With the swift growth in the technology world, the nature of the job of the Chief Information Officer (CIO) is no longer traditional. Gartner finds through a survey that the CIO role is transitioning from delivery executive to business executive, moving from controlling cost and engineering processes to driving revenue and exploiting data.

The survey, dubbed the 2018 Gartner CIO Agenda Survey, concluded by a record number of 3,160 CIO respondents across all major industries in 98 countries, highlights that 95 percent of CIOs expect their jobs to change or be remixed due to digitalisation. Respondents consider that world-class IT delivery management and digitalisation are the two biggest transformations in the CIO role, followed by assuming increased and broader responsibilities and capabilities. “The CIO’s role must grow and develop as digital business spreads, and disruptive technologies, including intelligent machines and advanced analytics, reach the masses,” said Andy Rowsell-Jones, vice president and distinguished analyst at Gartner.

“While delivery is still a part of the job, much greater emphasis is being placed on attaining a far broader set of business objectives,” Rowsell-Jones added.

The survey shows that a majority of CIO respondents believe that technology trends such as cybersecurity and artificial intelligence are set to significantly change their jobs in the near future.
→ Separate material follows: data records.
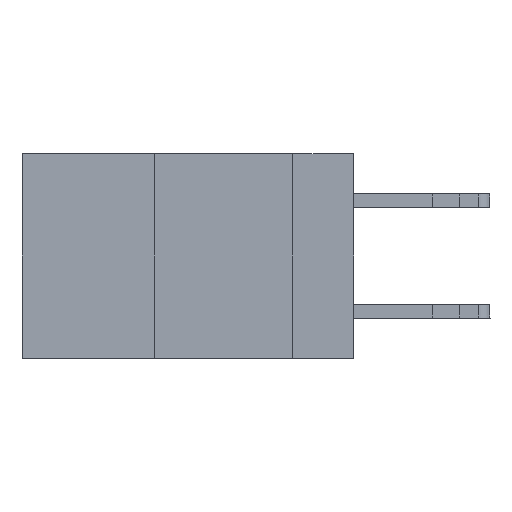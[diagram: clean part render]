
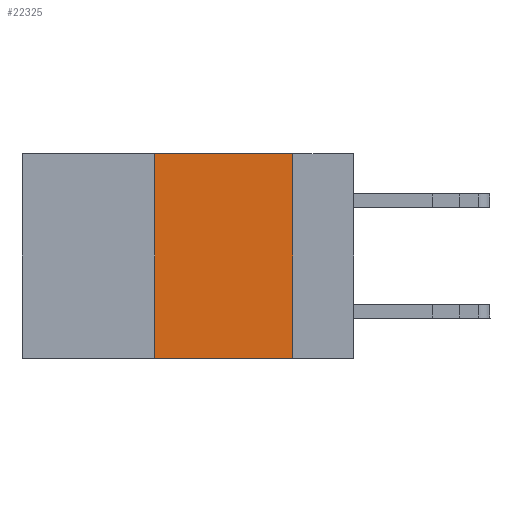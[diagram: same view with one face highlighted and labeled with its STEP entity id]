
A CAD part, left-side view. The second image highlights one B-rep face of the part: STEP entity #22325.
In plain terms, the highlighted planar face has unit normal (-1, 0, 0).
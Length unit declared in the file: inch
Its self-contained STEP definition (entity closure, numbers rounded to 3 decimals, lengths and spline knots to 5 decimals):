
#174 = VECTOR ( 'NONE', #401, 39.37008 ) ;
#401 = DIRECTION ( 'NONE',  ( 0., -1., 0. ) ) ;
#831 = FACE_OUTER_BOUND ( 'NONE', #20581, .T. ) ;
#947 = DIRECTION ( 'NONE',  ( 0., 0., -1. ) ) ;
#969 = CARTESIAN_POINT ( 'NONE',  ( 0., 0.36, -0.37 ) ) ;
#1377 = LINE ( 'NONE', #20297, #21549 ) ;
#1612 = DIRECTION ( 'NONE',  ( 0., -1., 0. ) ) ;
#2022 = EDGE_CURVE ( 'NONE', #20465, #23819, #18118, .T. ) ;
#2353 = ORIENTED_EDGE ( 'NONE', *, *, #17194, .F. ) ;
#2798 = CARTESIAN_POINT ( 'NONE',  ( 0., 0.11, 0. ) ) ;
#3539 = CARTESIAN_POINT ( 'NONE',  ( 0., 0.11, -0.37 ) ) ;
#4370 = EDGE_CURVE ( 'NONE', #16036, #23819, #1377, .T. ) ;
#4560 = PLANE ( 'NONE',  #18271 ) ;
#5760 = LINE ( 'NONE', #13357, #174 ) ;
#6205 = CARTESIAN_POINT ( 'NONE',  ( 0., 0.36, 0. ) ) ;
#7593 = ORIENTED_EDGE ( 'NONE', *, *, #11017, .F. ) ;
#8190 = DIRECTION ( 'NONE',  ( 0., 0., -1. ) ) ;
#9925 = LINE ( 'NONE', #6205, #22320 ) ;
#10011 = ORIENTED_EDGE ( 'NONE', *, *, #2022, .F. ) ;
#11017 = EDGE_CURVE ( 'NONE', #22029, #20465, #5760, .T. ) ;
#11810 = DIRECTION ( 'NONE',  ( 0., 0., 1. ) ) ;
#13357 = CARTESIAN_POINT ( 'NONE',  ( 0., 0.6, 0. ) ) ;
#14394 = CARTESIAN_POINT ( 'NONE',  ( 0., 0.6, 0. ) ) ;
#14796 = CARTESIAN_POINT ( 'NONE',  ( 0., 0.36, 0. ) ) ;
#16036 = VERTEX_POINT ( 'NONE', #969 ) ;
#17194 = EDGE_CURVE ( 'NONE', #16036, #22029, #9925, .T. ) ;
#17211 = CARTESIAN_POINT ( 'NONE',  ( 0., 0.11, 0. ) ) ;
#17303 = ORIENTED_EDGE ( 'NONE', *, *, #4370, .T. ) ;
#18118 = LINE ( 'NONE', #2798, #19052 ) ;
#18271 = AXIS2_PLACEMENT_3D ( 'NONE', #14394, #21996, #8190 ) ;
#19052 = VECTOR ( 'NONE', #947, 39.37008 ) ;
#20297 = CARTESIAN_POINT ( 'NONE',  ( 0., 0.6, -0.37 ) ) ;
#20465 = VERTEX_POINT ( 'NONE', #17211 ) ;
#20581 = EDGE_LOOP ( 'NONE', ( #10011, #7593, #2353, #17303 ) ) ;
#21549 = VECTOR ( 'NONE', #1612, 39.37008 ) ;
#21996 = DIRECTION ( 'NONE',  ( 1., 0., 0. ) ) ;
#22029 = VERTEX_POINT ( 'NONE', #14796 ) ;
#22320 = VECTOR ( 'NONE', #11810, 39.37008 ) ;
#22325 = ADVANCED_FACE ( 'NONE', ( #831 ), #4560, .F. ) ;
#23819 = VERTEX_POINT ( 'NONE', #3539 ) ;

Moreover, around 35 percent of the total respondents said that they have already invested and deployed some aspect of digital security, and 36 percent are in the process of planning to implement some form of digital security.

Organisational culture as an obstacle

Despite the positivity towards the change in their role, Gartner’s Rowsell-Jones considers that organisational culture as a roadblock on their success avenue.

“CIOs need to identify the cultural behaviours that currently exist and what the future state vision is. In doing so, they must recognise existing cultural strengths and position cultural change as ‘the next chapter,’ rather than a massive overhaul, to respect employees’ contributions and invite them to come along on the journey,” said Rowsell-Jones.

At least 84 percent of top CIOs surveyed have responsibility for areas of the business outside traditional IT. The ideal balance, as per the responses, is 56 percent related to business outcomes, such as revenue growth, business margins and influencing business strategy, and 44 percent related to IT delivery.

Respondents for the survey were categorised as top, typical and trailing performers in digitalisation. Some CIOs favour a separate digital team to boost their enterprises’ digital business while others consider digitalisation part of their day job of IT. Ultimately, the findings bring out the fact that CIOs need to start scaling their digital business and changing their existing jobs with it now.